Offensive place name to be stricken from Alaska town code

FILE - This Sept. 10, 2018, screenshot shows the municipal code for Bethel, Alaska, where the offensive term "Lousetown" is used to describe a small section of the town in southwest Alaska. The name, which was noted in the town's municipal code since 2001 despite its connotations of parasitic lice, is being stricken from the code. (Town of Bethel via AP, File)

ANCHORAGE, Alaska (AP) — A place name deemed offensive to Alaska Natives who live there is being stricken from the municipal code of a small town in western Alaska after local officials took official action.
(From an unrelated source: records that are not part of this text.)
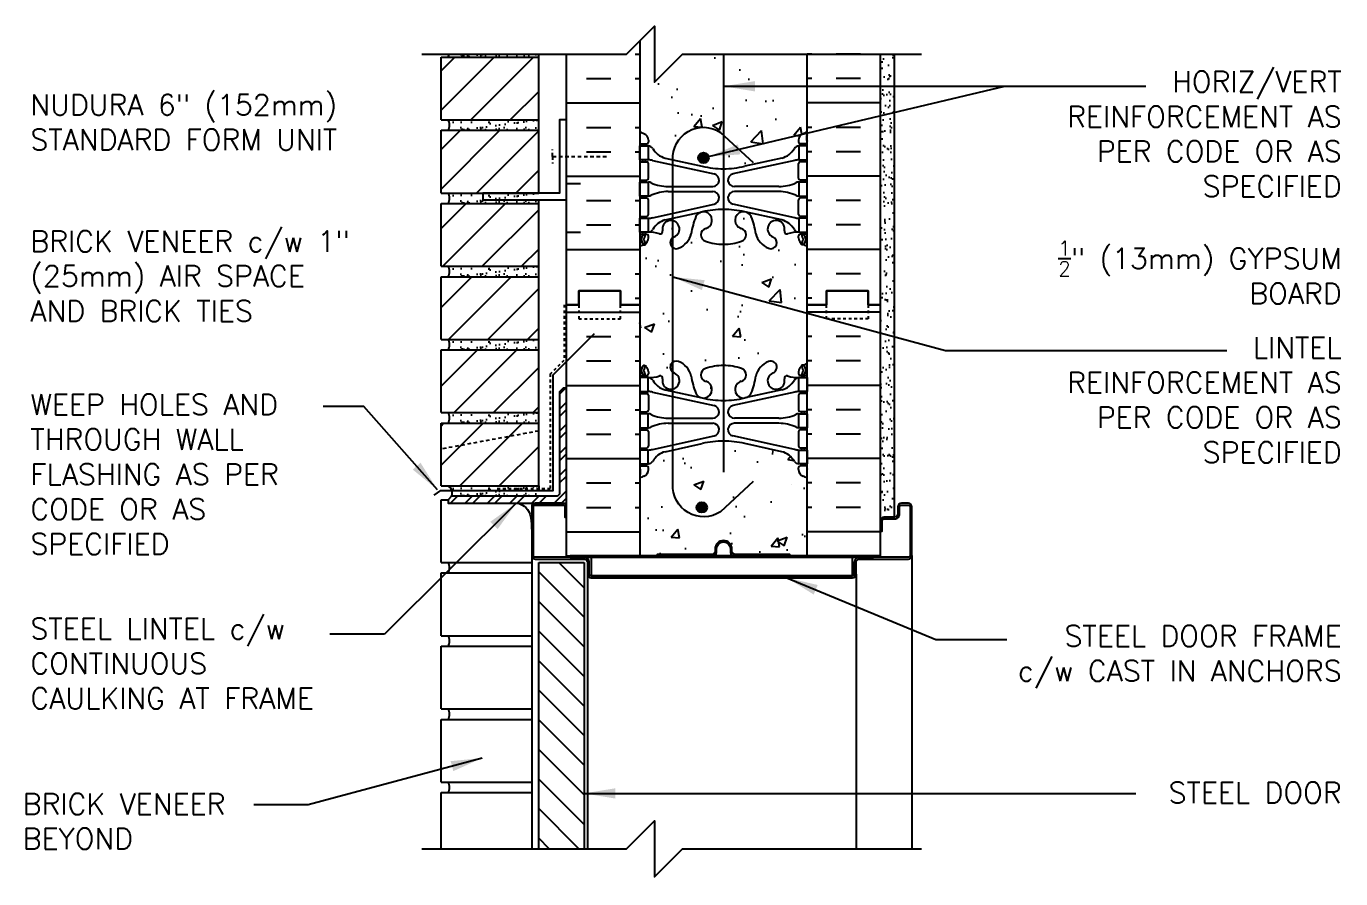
# Model space of a CAD drawing. Header units: inches. Extents: x -32.5 to 14.7, y 152.2 to 241.2.
# Drawn here: x -32.46 to 14.65, y 210.59 to 241.16 of the extents above; entities that cross this region are included whole.
import ezdxf

# ---------------------------------------------------------------- set-up
doc = ezdxf.new("R2010")
doc.units = ezdxf.units.IN
doc.header["$LTSCALE"] = 0.5
doc.header["$MEASUREMENT"] = 0
doc.linetypes.add('DASHED2', pattern=[0.375, 0.25, -0.125])
doc.linetypes.add('HIDDEN2', pattern=[0.1875, 0.125, -0.0625])
for name, color, linetype in [('HATCH', 12, 'Continuous'), ('Hidden2', 12, 'HIDDEN2'), ('LINE18', 9, 'Continuous'), ('line25', 2, 'Continuous'), ('LINE50', 5, 'Continuous'), ('LINE65', 3, 'Continuous'), ('LINE9', 9, 'Continuous'), ('TEXT', 4, 'Continuous'), ('Web_Edge', 9, 'Continuous')]:
    doc.layers.add(name, color=color, linetype=linetype)
doc.styles.add('DIM', font='romans.shx', dxfattribs={"width": 0.7})
doc.styles.add('ROMANS', font='romans.shx', dxfattribs={"height": 0.75})
doc.dimstyles.new('ext_12', dxfattribs={"dimscale": 12, "dimtxt": 0.09375, "dimasz": 0.09375, "dimexe": 0.09375, "dimexo": 0.0625, "dimgap": 0.0625, "dimtad": 1, "dimdec": 1, "dimzin": 3, "dimdsep": 46, "dimlunit": 4, "dimtxsty": 'DIM', "dimcen": 0.09, "dimdle": 0.09375, "dimclrt": 4, "dimadec": 0, "dimazin": 0, "dimtfac": 1, "dimtdec": 1, "dimtmove": 2, "dimatfit": 3, "dimfxl": 1, "dimfrac": 2, "dimtolj": 1, "dimtzin": 0, "dimarcsym": 0})
pattern_1 = [(45, (-134.3817, 46.4102), (-0.707107, 0.707107), [])]

msp = doc.modelspace()

# ---------------------------------------------------------------- hatches: boundary and pattern name
at = {"layer": 'HATCH'}
h = msp.add_hatch(dxfattribs=at)
h.set_pattern_fill('AR-CONC', color=256, scale=0.5)
h.paths.add_polyline_path([(-4.78, 177.377), (-4.78, 177.445, -0.414214), (-4.718, 177.507), (-4.67, 177.507), (-4.67, 177.577), (-4.775, 177.577, -0.188973), (-4.931, 177.672, 0.196323), (-5.38, 178.018), (-6.702, 178.309, 0.057795), (-7.47, 178.398, 0.057795), (-8.238, 178.309), (-9.56, 178.018, 0.196323), (-10.009, 177.672, -0.188973), (-10.165, 177.577), (-10.27, 177.577), (-10.27, 177.507), (-10.223, 177.507, -0.414214), (-10.16, 177.445), (-10.16, 177.377, -0.317837), (-10.327, 177.142, 0.082415), (-10.47, 177.063), (-10.47, 175.536), (-8.47, 175.536), (-7.47, 176.536), (-7.47, 174.536), (-6.891, 175.115), (-6.47, 175.536), (-4.47, 175.536), (-4.47, 177.063, 0.082415), (-4.614, 177.142, -0.317837)])
h.paths.add_polyline_path([(-4.47, 185.37, 0.064398), (-4.58, 185.436), (-4.67, 185.436), (-4.67, 185.478, -0.249069), (-4.78, 185.685), (-4.78, 185.753, -0.414214), (-4.718, 185.815), (-4.67, 185.815), (-4.67, 185.885), (-4.775, 185.885, 0.10046), (-5.169, 185.828, -0.601435), (-5.289, 185.933, 2.182095), (-5.699, 185.72, -1), (-5.862, 185.311, -0.24438), (-6.31, 185.832, 0.053157), (-6.476, 186.446, 1.553132), (-6.834, 186.022, -0.735593), (-6.822, 185.564, -0.082755), (-7.47, 185.456, -0.082755), (-8.119, 185.564, -0.735593), (-8.106, 186.022, 1.553132), (-8.464, 186.446, 0.053157), (-8.63, 185.832, -0.24438), (-9.079, 185.311, -1), (-9.242, 185.72, 2.182095), (-9.652, 185.933, -0.601435), (-9.772, 185.828, 0.10046), (-10.165, 185.885), (-10.27, 185.885), (-10.27, 185.815), (-10.223, 185.815, -0.414214), (-10.16, 185.753), (-10.16, 185.685, -0.249069), (-10.27, 185.478), (-10.27, 185.436), (-10.36, 185.436, 0.064398), (-10.47, 185.37), (-10.47, 183.281), (-10.47, 181.192, 0.064398), (-10.36, 181.126), (-10.27, 181.126), (-10.27, 181.085, -0.249069), (-10.16, 180.877), (-10.16, 180.81, -0.414214), (-10.223, 180.747), (-10.27, 180.747), (-10.27, 180.677), (-10.165, 180.677, 0.10046), (-9.772, 180.735, -0.601435), (-9.652, 180.63, 2.182095), (-9.242, 180.843, -1), (-9.079, 181.251, -0.24438), (-8.63, 180.73, 0.053157), (-8.464, 180.116, 1.553132), (-8.106, 180.541, -0.735593), (-8.119, 180.999, -0.082755), (-7.47, 181.107, -0.082755), (-6.822, 180.999, -0.735593), (-6.834, 180.541, 1.553132), (-6.476, 180.116, 0.053157), (-6.31, 180.73, -0.24438), (-5.862, 181.251, -1), (-5.699, 180.843, 2.182095), (-5.289, 180.63, -0.601435), (-5.169, 180.735, 0.10046), (-4.775, 180.677), (-4.67, 180.677), (-4.67, 180.747), (-4.718, 180.747, -0.414214), (-4.78, 180.81), (-4.78, 180.877, -0.249069), (-4.67, 181.085), (-4.67, 181.126), (-4.58, 181.126, 0.064398), (-4.47, 181.192), (-4.47, 183.281)])
h.paths.add_polyline_path([(-4.614, 189.421, 0.082415), (-4.47, 189.5), (-4.47, 191.974), (-5.314, 191.974), (-5.314, 192.537), (-5.502, 192.724), (-5.752, 192.724), (-5.939, 192.537), (-5.939, 191.974), (-6.564, 191.974), (-6.564, 192.537), (-6.752, 192.724), (-7.002, 192.724), (-7.189, 192.537), (-7.189, 191.974), (-7.586, 191.974), (-7.939, 192.328), (-7.939, 196.365, 0.022683), (-8.238, 196.309), (-9.56, 196.018, 0.196323), (-10.009, 195.672, -0.188973), (-10.165, 195.577), (-10.27, 195.577), (-10.27, 195.507), (-10.223, 195.507, -0.414214), (-10.16, 195.445), (-10.16, 195.377, -0.317837), (-10.327, 195.142, 0.082415), (-10.47, 195.063), (-10.47, 189.5, 0.082415), (-10.327, 189.421, -0.317837), (-10.16, 189.185), (-10.16, 189.118, -0.414214), (-10.223, 189.055), (-10.27, 189.055), (-10.27, 188.985), (-10.165, 188.985, -0.188973), (-10.009, 188.89, 0.196323), (-9.56, 188.544), (-8.238, 188.253, 0.057795), (-7.47, 188.164, 0.057795), (-6.702, 188.253), (-5.38, 188.544, 0.196323), (-4.931, 188.89, -0.188973), (-4.775, 188.985), (-4.67, 188.985), (-4.67, 189.055), (-4.718, 189.055, -0.414214), (-4.78, 189.118), (-4.78, 189.185, -0.317837)])
h.paths.add_polyline_path([(-5.43, 196.029), (-6.702, 196.309, 0.017332), (-6.93, 196.354), (-6.93, 194.781), (-6.68, 194.531), (-5.68, 194.531), (-5.43, 194.781)], flags=17)
h.paths.add_polyline_path([(-4.345, 200.261), (-4.345, 201.281), (-10.595, 201.281), (-10.595, 200.215), (-10.012, 199.632), (-7.08, 199.108, -0.146134), (-6.311, 198.726, -0.245973), (-5.862, 199.251, -1), (-5.699, 198.843, 2.182095), (-5.289, 198.63, -0.601435), (-5.169, 198.735, 0.10046), (-4.775, 198.677), (-4.67, 198.677), (-4.67, 198.747), (-4.718, 198.747, -0.414214), (-4.78, 198.81), (-4.78, 198.877, -0.249069), (-4.67, 199.085), (-4.67, 199.126), (-4.58, 199.126, 0.064398), (-4.47, 199.192), (-4.47, 199.781), (-4.345, 199.781), (-4.345, 200.084), (-5.399, 199.031), (-5.528, 198.99), (-5.487, 199.119)])
h.paths.add_polyline_path([(-7.47, 199.107, -0.082755), (-6.822, 198.999, -0.735593), (-6.834, 198.541, 1.553132), (-6.476, 198.116, 0.052765), (-6.311, 198.726, 0.146199), (-7.08, 199.108), (-10.012, 199.632), (-9.499, 199.119), (-9.459, 198.99), (-9.588, 199.031), (-10.227, 199.67), (-10.47, 199.714), (-10.47, 199.192, 0.064398), (-10.36, 199.126), (-10.27, 199.126), (-10.27, 199.085, -0.249069), (-10.16, 198.877), (-10.16, 198.81, -0.414214), (-10.223, 198.747), (-10.27, 198.747), (-10.27, 198.677), (-10.165, 198.677, 0.10046), (-9.772, 198.735, -0.601435), (-9.652, 198.63, 2.182095), (-9.242, 198.843, -1), (-9.079, 199.251, -0.24438), (-8.63, 198.73, 0.053157), (-8.464, 198.116, 1.553132), (-8.106, 198.541, -0.735593), (-8.119, 198.999, -0.082755)])
h.paths.add_polyline_path([(-13.876, 200.322), (-14.588, 200.449, 0.873175), (-15.325, 198.583), (-13.876, 198.195)], flags=17)
h.paths.add_polyline_path([(-13.876, 198.195), (-15.325, 198.583, -0.873175), (-14.588, 200.449), (-13.876, 200.322), (-13.877, 201.281), (-16.557, 201.281), (-17.595, 201.281), (-17.595, 196.281, 0.050065), (-17.496, 195.287), (-13.876, 195.406)])
h.paths.add_polyline_path([(-17.595, 201.281), (-17.783, 201.281), (-22.517, 201.125), (-22.517, 199.521), (-23.517, 198.521), (-21.517, 198.521), (-22.517, 197.521), (-22.517, 195.122), (-17.496, 195.287, -0.050065), (-17.595, 196.281)])
h.paths.add_polyline_path([(-4.47, 224.949, 0.082415), (-4.614, 225.028, -0.317837), (-4.78, 225.264), (-4.78, 225.332, -0.414214), (-4.718, 225.394), (-4.67, 225.394), (-4.67, 225.464), (-4.775, 225.464, -0.188973), (-4.931, 225.559, 0.196323), (-5.38, 225.905), (-6.702, 226.196, 0.057795), (-7.47, 226.285, 0.057795), (-8.238, 226.196), (-9.56, 225.905, 0.196323), (-10.009, 225.559, -0.188973), (-10.165, 225.464), (-10.27, 225.464), (-10.27, 225.394), (-10.223, 225.394, -0.414214), (-10.16, 225.332), (-10.16, 225.264, -0.317837), (-10.327, 225.028, 0.082415), (-10.47, 224.949), (-10.47, 222.168), (-9.845, 222.168), (-9.845, 222.218), (-7.895, 222.218, 0.414214), (-7.77, 222.343), (-7.77, 222.418, -1), (-7.17, 222.418), (-7.17, 222.343, 0.414214), (-7.045, 222.218), (-5.095, 222.218), (-5.095, 222.168), (-4.47, 222.168)])
h.paths.add_polyline_path([(-4.47, 231.168), (-4.47, 233.257, 0.064398), (-4.58, 233.323), (-4.67, 233.323), (-4.67, 233.365, -0.249069), (-4.78, 233.572), (-4.78, 233.639, -0.414214), (-4.718, 233.702), (-4.67, 233.702), (-4.67, 233.772), (-4.775, 233.772, 0.10046), (-5.169, 233.714, -0.601435), (-5.289, 233.819, 2.182095), (-5.699, 233.606, -1), (-5.862, 233.198, -0.24438), (-6.31, 233.719, 0.053157), (-6.476, 234.333, 1.553132), (-6.834, 233.908, -0.735593), (-6.822, 233.45, -0.082755), (-7.47, 233.342, -0.082755), (-8.119, 233.45, -0.735593), (-8.106, 233.908, 1.553132), (-8.464, 234.333, 0.053157), (-8.63, 233.719, -0.24438), (-9.079, 233.198, -1), (-9.242, 233.606, 2.182095), (-9.652, 233.819, -0.601435), (-9.772, 233.714, 0.10046), (-10.165, 233.772), (-10.27, 233.772), (-10.27, 233.702), (-10.223, 233.702, -0.414214), (-10.16, 233.639), (-10.16, 233.572, -0.249069), (-10.27, 233.365), (-10.27, 233.323), (-10.36, 233.323, 0.064398), (-10.47, 233.257), (-10.47, 231.168), (-10.47, 228.957, 0.035064), (-10.395, 228.919, -0.068878), (-10.36, 228.978, -0.348752), (-10.305, 228.991, -0.292121), (-10.16, 228.764), (-10.16, 228.697, -0.414214), (-10.223, 228.634), (-10.27, 228.634), (-10.27, 228.564), (-10.165, 228.564, 0.10046), (-9.772, 228.621, -0.601435), (-9.652, 228.516, 2.182095), (-9.242, 228.729, -1), (-9.079, 229.138, -0.24438), (-8.63, 228.617, 0.053157), (-8.464, 228.003, 1.553132), (-8.106, 228.427, -0.735593), (-8.119, 228.885, -0.082755), (-7.47, 228.993, -0.082755), (-6.822, 228.885, -0.735593), (-6.834, 228.427, 1.553132), (-6.476, 228.003, 0.053157), (-6.31, 228.617, -0.24438), (-5.862, 229.138, -1), (-5.699, 228.729, 2.182095), (-5.289, 228.516, -0.601435), (-5.169, 228.621, 0.10046), (-4.775, 228.564), (-4.67, 228.564), (-4.67, 228.634), (-4.718, 228.634, -0.414214), (-4.78, 228.697), (-4.78, 228.764, -0.249069), (-4.67, 228.971), (-4.67, 229.013), (-4.58, 229.013, 0.064398), (-4.47, 229.079)])
h.paths.add_polyline_path([(-4.47, 240.158), (-8.943, 240.158), (-9.943, 239.158), (-9.943, 241.158), (-10.47, 240.631), (-10.47, 237.386, 0.082415), (-10.327, 237.307, -0.317837), (-10.16, 237.072), (-10.16, 237.004, -0.414214), (-10.223, 236.942), (-10.27, 236.942), (-10.27, 236.872), (-10.165, 236.872, -0.188973), (-10.009, 236.777, 0.196323), (-9.56, 236.431), (-8.238, 236.14, 0.057795), (-7.47, 236.051, 0.057795), (-6.702, 236.14), (-5.38, 236.431, 0.196323), (-4.931, 236.777, -0.188973), (-4.775, 236.872), (-4.67, 236.872), (-4.67, 236.942), (-4.718, 236.942, -0.414214), (-4.78, 237.004), (-4.78, 237.072, -0.317837), (-4.614, 237.307, 0.082415), (-4.47, 237.386)])
h = msp.add_hatch(dxfattribs=at)
h.set_pattern_fill('ANSI31', color=256, scale=8, style=0)
h.set_pattern_definition(pattern_1)
h.paths.add_polyline_path([(-14.095, 237.805), (-14.095, 240.055), (-17.595, 240.055), (-17.595, 237.805)])
h = msp.add_hatch(dxfattribs=at)
h.set_pattern_fill('AR-SAND', color=256, scale=0.25, style=0)
h.set_pattern_definition([(37.5, (-134.3817, 59.5352), (-0.01574834, 0.48170594), [0, -0.38, 0, -0.425, 0, -0.40625]), (7.5, (-134.3817, 59.5352), (0.4424442, 0.7055365), [0, -0.205, 0, -0.3425, 0, -0.13125]), (327.5, (-134.6892, 59.5352), (0.7785355, 0.0014148), [0, -0.125, 0, -0.45, 0, -0.5875]), (317.5, (-134.6892, 59.5352), (0.7515317, 0.2194189), [0, -0.0625, 0, -0.295, 0, -0.3375])])
edge = h.paths.add_edge_path()
edge.add_line((-14.095, 240.158), (-17.297, 240.158))
edge.add_arc((-17.61, 240.243), 0.324, 324.6944, 344.9002, ccw=False)
edge.add_line((-17.345, 240.055), (-14.095, 240.055))
edge.add_line((-14.095, 240.055), (-14.095, 240.158))
h = msp.add_hatch(dxfattribs=at)
h.set_pattern_fill('AR-SAND', color=256, scale=0.25, style=0)
h.set_pattern_definition([(37.5, (-134.3817, 44.5227), (-0.01574834, 0.48170594), [0, -0.38, 0, -0.425, 0, -0.40625]), (7.5, (-134.3817, 44.5227), (0.4424442, 0.7055365), [0, -0.205, 0, -0.3425, 0, -0.13125]), (327.5, (-134.6892, 44.5227), (0.7785355, 0.0014148), [0, -0.125, 0, -0.45, 0, -0.5875]), (317.5, (-134.6892, 44.5227), (0.7515317, 0.2194189), [0, -0.0625, 0, -0.295, 0, -0.3375])])
h.paths.add_polyline_path([(-1.345, 235.813), (-1.845, 235.53), (-1.845, 231.168), (-1.845, 223.43, -0.414214), (-1.72, 223.555), (-1.345, 223.555)])
h.paths.add_polyline_path([(-1.345, 236.423), (-1.845, 236.423), (-1.845, 235.53), (-1.345, 235.813)])
h.paths.add_polyline_path([(-1.345, 240.158), (-1.845, 240.158), (-1.845, 236.423), (-1.345, 236.423)])
h = msp.add_hatch(dxfattribs=at)
h.set_pattern_fill('AR-SAND', color=256, scale=0.25, style=0)
h.set_pattern_definition([(37.5, (-134.3817, 56.9102), (-0.01574834, 0.48170594), [0, -0.38, 0, -0.425, 0, -0.40625]), (7.5, (-134.3817, 56.9102), (0.4424442, 0.7055365), [0, -0.205, 0, -0.3425, 0, -0.13125]), (327.5, (-134.6892, 56.9102), (0.7785355, 0.0014148), [0, -0.125, 0, -0.45, 0, -0.5875]), (317.5, (-134.6892, 56.9102), (0.7515317, 0.2194189), [0, -0.0625, 0, -0.295, 0, -0.3375])])
h.paths.add_polyline_path([(-14.095, 237.805), (-17.345, 237.805, -0.318233), (-17.345, 237.43), (-14.095, 237.43)])
h = msp.add_hatch(dxfattribs=at)
h.set_pattern_fill('ANSI31', color=256, scale=8, style=0)
h.set_pattern_definition(pattern_1)
h.paths.add_polyline_path([(-17.595, 235.18), (-14.095, 235.18), (-14.095, 237.43), (-17.595, 237.43)])
h = msp.add_hatch(dxfattribs=at)
h.set_pattern_fill('AR-SAND', color=256, scale=0.25, style=0)
h.set_pattern_definition([(37.5, (-134.3817, 54.2852), (-0.01574834, 0.48170594), [0, -0.38, 0, -0.425, 0, -0.40625]), (7.5, (-134.3817, 54.2852), (0.4424442, 0.7055365), [0, -0.205, 0, -0.3425, 0, -0.13125]), (327.5, (-134.6892, 54.2852), (0.7785355, 0.0014148), [0, -0.125, 0, -0.45, 0, -0.5875]), (317.5, (-134.6892, 54.2852), (0.7515317, 0.2194189), [0, -0.0625, 0, -0.295, 0, -0.3375])])
h.paths.add_polyline_path([(-14.095, 235.18), (-17.345, 235.18, -0.318233), (-17.345, 234.805), (-14.095, 234.805)])
h = msp.add_hatch(dxfattribs=at)
h.set_pattern_fill('ANSI31', color=256, scale=8, style=0)
h.set_pattern_definition(pattern_1)
h.paths.add_polyline_path([(-14.095, 232.555), (-14.095, 234.805), (-17.595, 234.805), (-17.595, 232.555)])
h = msp.add_hatch(dxfattribs=at)
h.set_pattern_fill('AR-SAND', color=256, scale=0.25, style=0)
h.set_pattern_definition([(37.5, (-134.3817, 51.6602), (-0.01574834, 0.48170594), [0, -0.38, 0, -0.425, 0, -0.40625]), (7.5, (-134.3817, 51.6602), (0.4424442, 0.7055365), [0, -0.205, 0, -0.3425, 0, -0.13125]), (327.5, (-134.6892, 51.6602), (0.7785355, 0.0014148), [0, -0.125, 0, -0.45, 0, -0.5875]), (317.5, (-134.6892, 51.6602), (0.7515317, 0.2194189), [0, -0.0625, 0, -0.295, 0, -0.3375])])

The section of Bethel long known as Lousetown was noted in the municipal code since 2001, despite its connotations of parasitic lice.

The nickname will be removed after the Bethel City Council agreed it should be stricken and the area renamed East Avenue for the road traversing that part of the town of about 6,000.

The issue emerged when City Council member Thor Williams introduced a proposed ordinance seeking to change the code to require visible addresses on buildings throughout the city, including Lousetown.

The ordinance, including the call to rename Lousetown, was approved by a 6-0 vote at Tuesday’s City Council meeting.

“It’s a positive improvement within our community,” Williams said Wednesday. “And it will be known as East Avenue from now on instead of known as a deplorable word.”

The word louse means an unpleasant or contemptible person, it’s also the singular term for lice — the parasitic insect known for infesting human hair.

Williams doesn’t know why or when the area got the name as a common reference to that part of town, even though there are no signs there with the name Lousetown. No one else seems to know the origin of the nickname, although historian Jo Antonson said lice infestations were a perennial problem in western Alaska in the past.

East Avenue is better than Lousetown, said 79-year-old Bea Kristovich, who lived there in her youth. But she was among locals who thought the area should be called one of various Yup’ik Eskimo names, so she’s not a fan of the new name.

“That’s not the right thing to do,” she said of the change. “I don’t think I like it.”

It’s a change traditional chief Louie Andrew, who lives in that section, can live with.

“It doesn’t matter as long as it gets that Lousetown out of there,” he said.